Quick basic find example: Suppose I want to lookup any files with the extension .mp3 in my music directory: $ find ~/Music -name "*.mp3" Find will look in the Music directory, and any sub directories within it, to locate those files. Not super useful at this point, but we’ll get there. If I pipe find to wc (word count) with the -l flag (lines), I can get a count of every .mp3 file in that directory: Music $ find . -name "*.mp3" | wc -l 1410 Now, suppose I’d like to see all the music files I listened to yesterday: Music $ find . -atime 1 | wc -l 71 Hmm, looks like I didn’t listen to many tunes yesterday. Wait, hold on a sec - what is that -atime flag? Well, time is of course a timestamp, a stands for accessed, and the 1 after -atime stands for 1 day. Hence, all the music I listened to yesterday. In Unix, all files have a timestamp for when they were created, modified, and last accessed, and correspond to ctime, mtime, and atime in find. We can pass time information to the command and use that to search for and do actions on files. You can see timestamps on individual files by using the stat command: $ stat file 16777219 4936118 -rwxr-xr-x 1 mercedes staff 0 525 "May 17 16:01:56 2013" "May 15 15:14:26 2013" "May 15 15:14:26 2013" "May 15 15:14:26 2013"

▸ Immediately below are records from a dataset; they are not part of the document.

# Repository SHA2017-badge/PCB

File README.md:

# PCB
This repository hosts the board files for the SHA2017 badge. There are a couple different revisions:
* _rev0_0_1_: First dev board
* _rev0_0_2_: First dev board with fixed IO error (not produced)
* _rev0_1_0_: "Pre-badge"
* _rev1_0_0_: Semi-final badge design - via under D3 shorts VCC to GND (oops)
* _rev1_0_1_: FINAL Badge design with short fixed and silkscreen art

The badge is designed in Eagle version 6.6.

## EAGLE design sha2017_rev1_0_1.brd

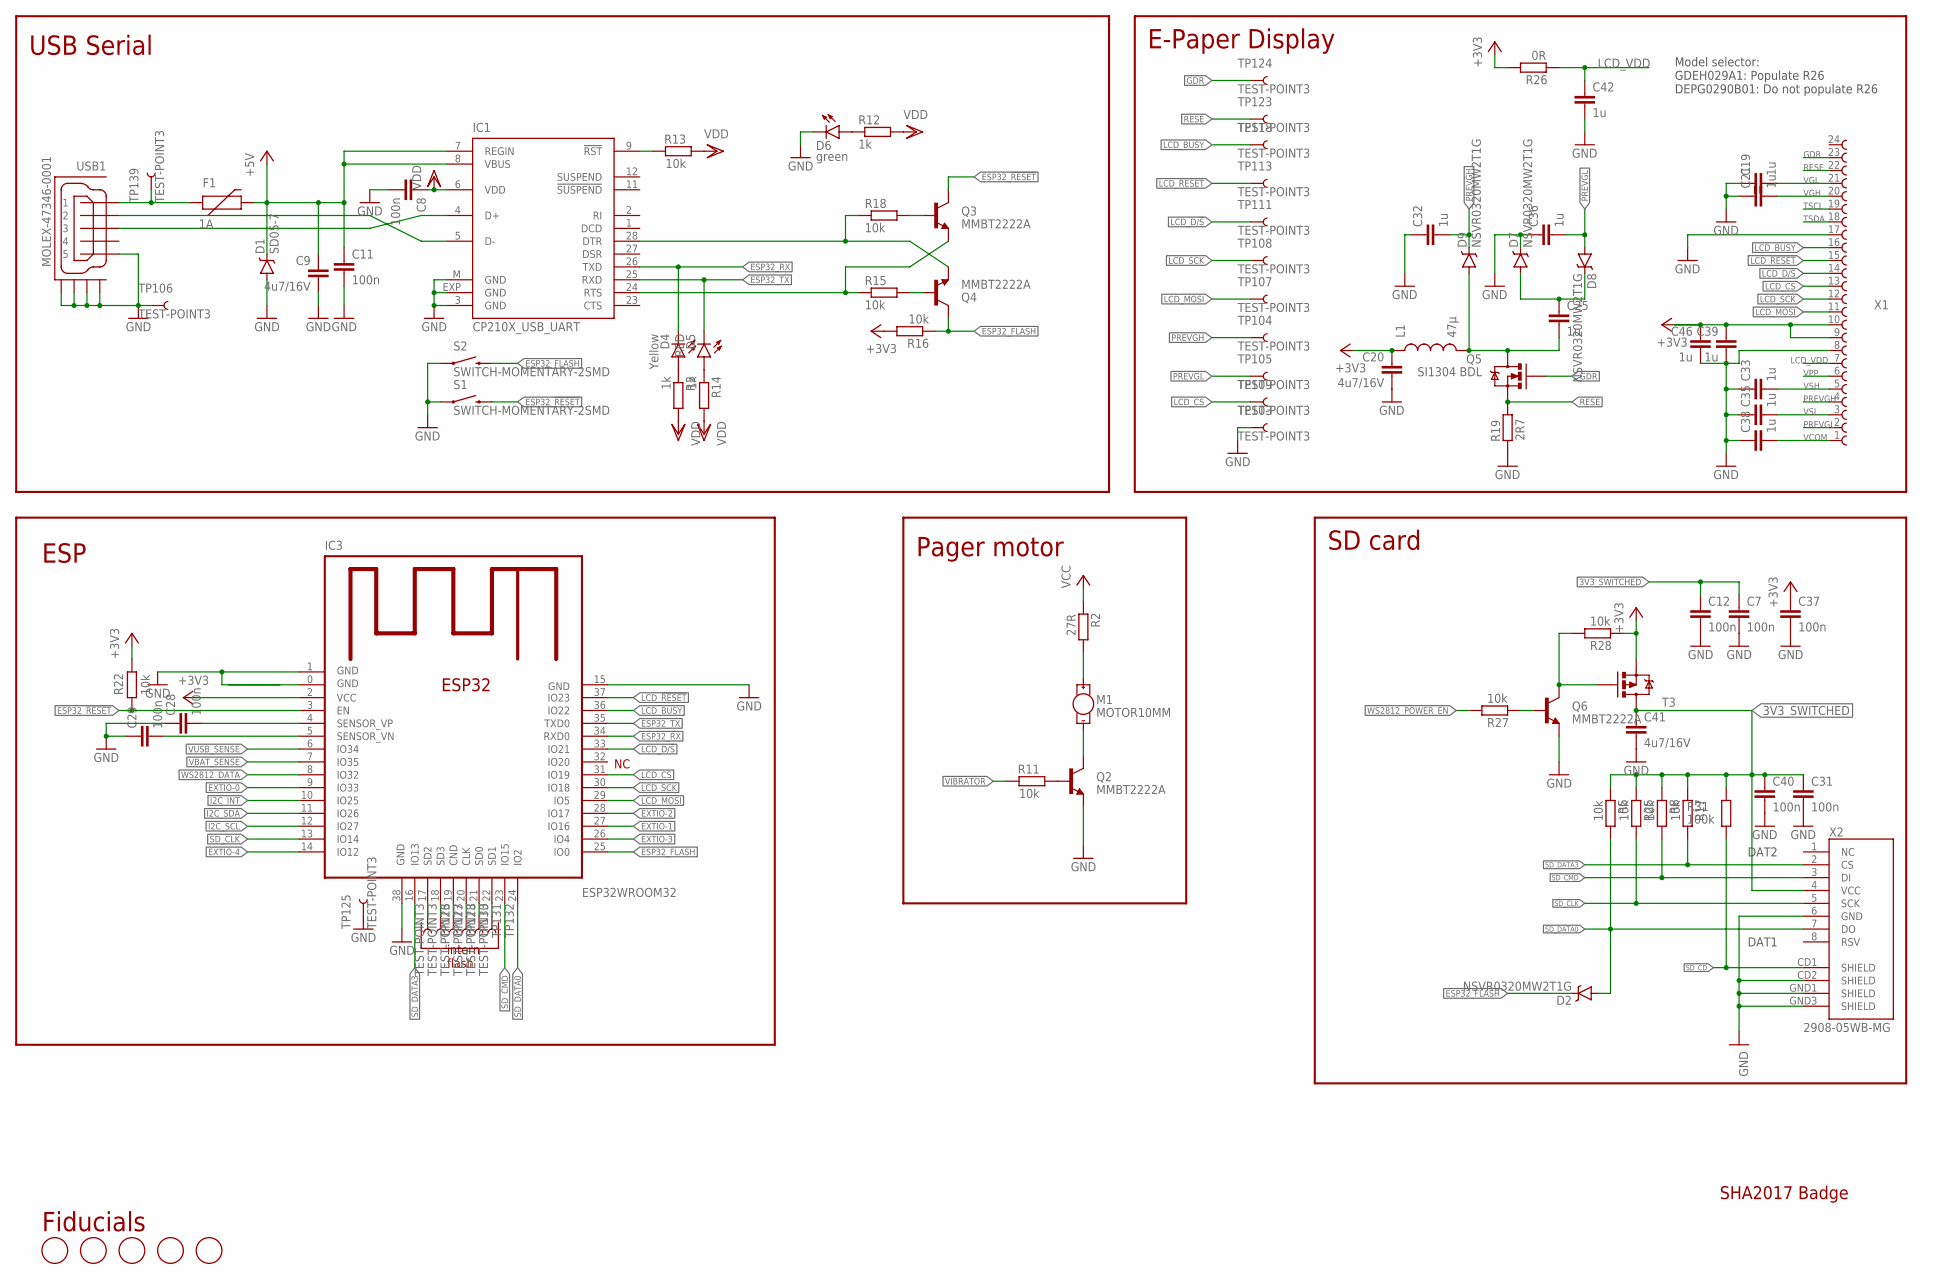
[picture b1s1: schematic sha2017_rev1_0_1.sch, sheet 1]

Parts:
C7, C8, C11, C12, C28, C29, C31, C37, C40: 100n; C0603-DASHES; PARTNO GRM188R71H104KA93D
C9, C20, C41: 4u7/16V; C0805; PARTNO GRM21BR61C475KA88K
C19, C21, C25, C32, C33, C35, C36, C38, C39, C42, C46: 1u; C0603-DASHES; PARTNO GRM188R61E105KA12D
D1: SD05-7; SOD-323; PARTNO SD05-7
D2, D7, D8, D9: NSVR0320MW2T1G; SOD-323; PARTNO BAT20JFILM
D4: Yellow; LED-0603
D5: RED; LED-0603
D6: green; LED-0603
F1: 1A; PTC-1206
FD1, FD2, FD3, FD4, FD5: FIDUCIAL; FIDUCIAL_1MM; PARTNO NAP
IC1: CP210X_USB_UART; MLP28; PARTNO CP2102-GMR
IC3: ESP32WROOM32; ESP32MOD
L1: 47µ; 1210; PARTNO NLCV32T-220K-EF
M1: MOTOR10MM; VIBE-MOTOR-10MM
Q2, Q3, Q4, Q6: MMBT2222A; SOT23-3; PARTNO BC817-25,215
Q5: SI1304 BDL; SOT323; PARTNO SI1308EDL-T1-GE3
R2: 27R; R1206; PARTNO ERJ-3GEYJ220V
R3, R12, R14: 1k; R0603-DASHES; PARTNO ERJ-3GEYJ102V
R5, R8, R11, R13, R15, R16, R17, R18, R22, R25, R27, R28: 10k; R0603-DASHES; PARTNO ERJ-3GEYJ103V
R19: 2R7; R0603-DASHES; PARTNO ERJ-3GEYJ5R1V
R26: 0R; R0603-DASHES; PARTNO ERJ-3GEYJ5R1V
R31: 100k; R0603-DASHES; PARTNO ERJ-3GEYJ104V
S1, S2: SWITCH-MOMENTARY-2SMD; TACTILE-SWITCH-SMD; PARTNO SKQGABE010
T3: MOSFET-PCHANNEL; SOT23-3
TP103, TP104, TP105, TP106, TP107, TP108, TP109, TP111, TP113, TP118, TP123, TP124, TP125, TP126, TP127, TP128, TP130, TP131, TP132, TP139: TEST-POINT3; PAD.03X.03; PARTNO NAP
USB1: MOLEX-47346-0001; MOLEX-47364-0001; PARTNO 10118192-0001LF
X1: 68712414022; PARTNO 68712414022
X2: 2908-05WB-MG; MICRO-SD-SOCKET-PP; PARTNO 2908-05WB-MG

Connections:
3V3_SWITCHED: C7.1, C12.1, C31.1, C40.1, C41.1, R5.2, R8.2, R17.2, R25.2, R31.1, T3.3 (D), X2.4 (VCC); also elsewhere on the board
+3V3: C20.1, C37.1, C39.1, C46.1, IC3.2 (VCC), L1.1, R16.2, R22.1, R26.1, R28.2, T3.2 (S), X1.9, X1.10; also elsewhere on the board
+5V: C9.1, C11.1, D1.C, F1.2, IC1.7 (REGIN), IC1.8 (VBUS); also elsewhere on the board
CD0: IC3.21 (SD0), TP131.P$1
CLK: IC3.20 (CLK), TP130.P$1
CND: IC3.19 (CND), TP128.P$1
ESP32_!RESET: IC3.3 (EN), Q3.3 (C), R22.2, S1.3 (2); also elsewhere on the board
ESP32_FLASH: D2.C, IC3.25 (IO0), Q4.3 (C), R16.1, S2.3 (2); also elsewhere on the board
ESP32_RX: D4.C, IC1.26 (TXD), IC3.34 (RXD0); also elsewhere on the board
ESP32_TX: D5.C, IC1.25 (RXD), IC3.35 (TXD0); also elsewhere on the board
EXTIO-0: IC3.9 (IO33); also elsewhere on the board
EXTIO-1: IC3.27 (IO16); also elsewhere on the board
EXTIO-2: IC3.28 (IO17); also elsewhere on the board
EXTIO-3: IC3.26 (IO4); also elsewhere on the board
EXTIO-4: IC3.14 (IO12); also elsewhere on the board
GDR: Q5.1 (G), TP124.P$1, X1.23
GND: C7.2, C8.2, C9.2, C11.2, C12.2, C19.1, C20.2, C21.1, C28.1, C29.1, C31.2, C32.1, C33.1, C35.1, C36.1, C37.2, C38.1, C39.2, C40.2, C41.2, C42.2, C46.2, D1.A, D6.C, D7.C, IC1.3 (GND), IC1.EXP (GND), IC1.M (GND), IC3.0 (GND), IC3.1 (GND), IC3.15 (GND), IC3.38 (GND), Q2.2 (E), Q6.2 (E), R19.2, S1.1, S2.1, TP103.P$1, TP106.P$1, TP125.P$1, USB1.5, USB1.GND1, USB1.GND2, USB1.GND3, USB1.GND4, X1.8, X1.17, X2.6 (GND), X2.CD2 (SHIELD), X2.GND1 (SHIELD), X2.GND3 (SHIELD); also elsewhere on the board
I2C_INT: IC3.10 (IO25); also elsewhere on the board
I2C_SCL: IC3.12 (IO27); also elsewhere on the board
I2C_SDA: IC3.11 (IO26); also elsewhere on the board
LCD_!RESET: IC3.37 (IO23), TP113.P$1, X1.15
LCD_BUSY: IC3.36 (IO22), TP118.P$1, X1.16
LCD_CS: IC3.31 (IO19), TP109.P$1, X1.13
LCD_D/!S: IC3.33 (IO21), TP111.P$1, X1.14
LCD_MOSI: IC3.29 (IO5), TP107.P$1, X1.11
LCD_SCK: IC3.30 (IO18), TP108.P$1, X1.12
LCD_VDD: C42.1, R26.2, X1.7
unnamed: IC1.9 (!RST), R13.2
unnamed: IC1.24 (RTS), Q3.2 (E), R15.1
unnamed: IC1.28 (DTR), Q4.2 (E), R18.1
unnamed: Q4.1 (B), R15.2
unnamed: Q3.1 (B), R18.2
unnamed: Q6.1 (B), R27.2
unnamed: M1.-, Q2.3 (C)
unnamed: Q6.3 (C), R28.1, T3.1 (G)
unnamed: M1.+, R2.1
unnamed: C25.1, D7.A, D8.C
unnamed: C25.2, D9.A, L1.2, Q5.3 (D)
unnamed: D6.A, R12.1
unnamed: D4.A, R3.1
unnamed: D5.A, R14.1
unnamed: F1.1, TP139.P$1, USB1.1
unnamed: C28.2, IC3.4 (SENSOR_VP)
unnamed: C29.2, IC3.5 (SENSOR_VN)
unnamed: Q2.1 (B), R11.1
PREVGH: C32.2, D9.C, TP104.P$1, X1.4
PREVGL: C36.2, D8.A, TP105.P$1, X1.2
RESE: Q5.2 (S), R19.1, TP123.P$1, X1.22
SD1: IC3.22 (SD1), TP132.P$1
SD2: IC3.17 (SD2), TP126.P$1
SD3: IC3.18 (SD3), TP127.P$1
SD_CD: R31.2, X2.CD1 (SHIELD); also elsewhere on the board
SD_CLK: IC3.13 (IO14), R25.1, X2.5 (SCK)
SD_CMD: IC3.23 (IO15), R8.1, X2.3 (DI)
SD_DATA0: D2.A, IC3.24 (IO2), R5.1, X2.7 (DO)
SD_DATA3: IC3.16 (IO13), R17.1, X2.2 (CS)
TSCL: X1.19
TSDA: X1.18
USB_DN_CON: IC1.5 (D-), USB1.2; also elsewhere on the board
USB_DP_CON: IC1.4 (D+), USB1.3; also elsewhere on the board
VBAT_SENSE: IC3.7 (IO35); also elsewhere on the board
VCC: R2.2; also elsewhere on the board
VCOM: C38.2, X1.1
VDD: C8.1, IC1.6 (VDD), R3.2, R12.2, R13.1, R14.2
VGH: C21.2, X1.20
VGL: C19.2, X1.21
VIBRATOR: R11.2; also elsewhere on the board
VPP: X1.6
VSH: C33.2, X1.5
VSL: C35.2, X1.3
VUSB_SENSE: IC3.6 (IO34); also elsewhere on the board
WS2812_DATA: IC3.8 (IO32); also elsewhere on the board
WS2812_POWER_EN: R27.1; also elsewhere on the board

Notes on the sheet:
USB Serial
E-Paper Display
SD card
intern flash
ESP
Fiducials
Pager motor
DAT1
DAT2
Model selector: GDEH029A1: Populate R26 DEPG0290B01: Do not populate R26
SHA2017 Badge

The more specific use case I have for this corresponds to files containing data in a queue on our event routers. We’ve been in the process of tuning this system, and currently have a lot of backlog. Sometimes we get enough of a backlog that we have to clear out the queue to get things going smoothly again, but we want to be selective about how we do it; we want to remove old files from previous days from the system, but we still want to keep around current data that’s getting added today. For example: $ find . -ctime +1 -exec rm {} \; The -exec command, partnered with a set of braces {}, tells find to operate rm on the output of find (the result in the braces). I can also move files or just list files with mv or ls instead of rm. Another example: $ find /Users/mercedes/Design/fonts/ -name '*.ttf' -exec mv {} ~/Library/Fonts/ \; What is this nifty trick? I discovered this when I had >600 fonts each in their own directory that I wanted to install into my main font directory. I told find to search for font files in their directories, and then move them to the main font directory. Saved me a ton of drag and drop time!

There are a ton more options one can use with the find command, and can prove powerful indeed alongside a multitude of unix command line tools.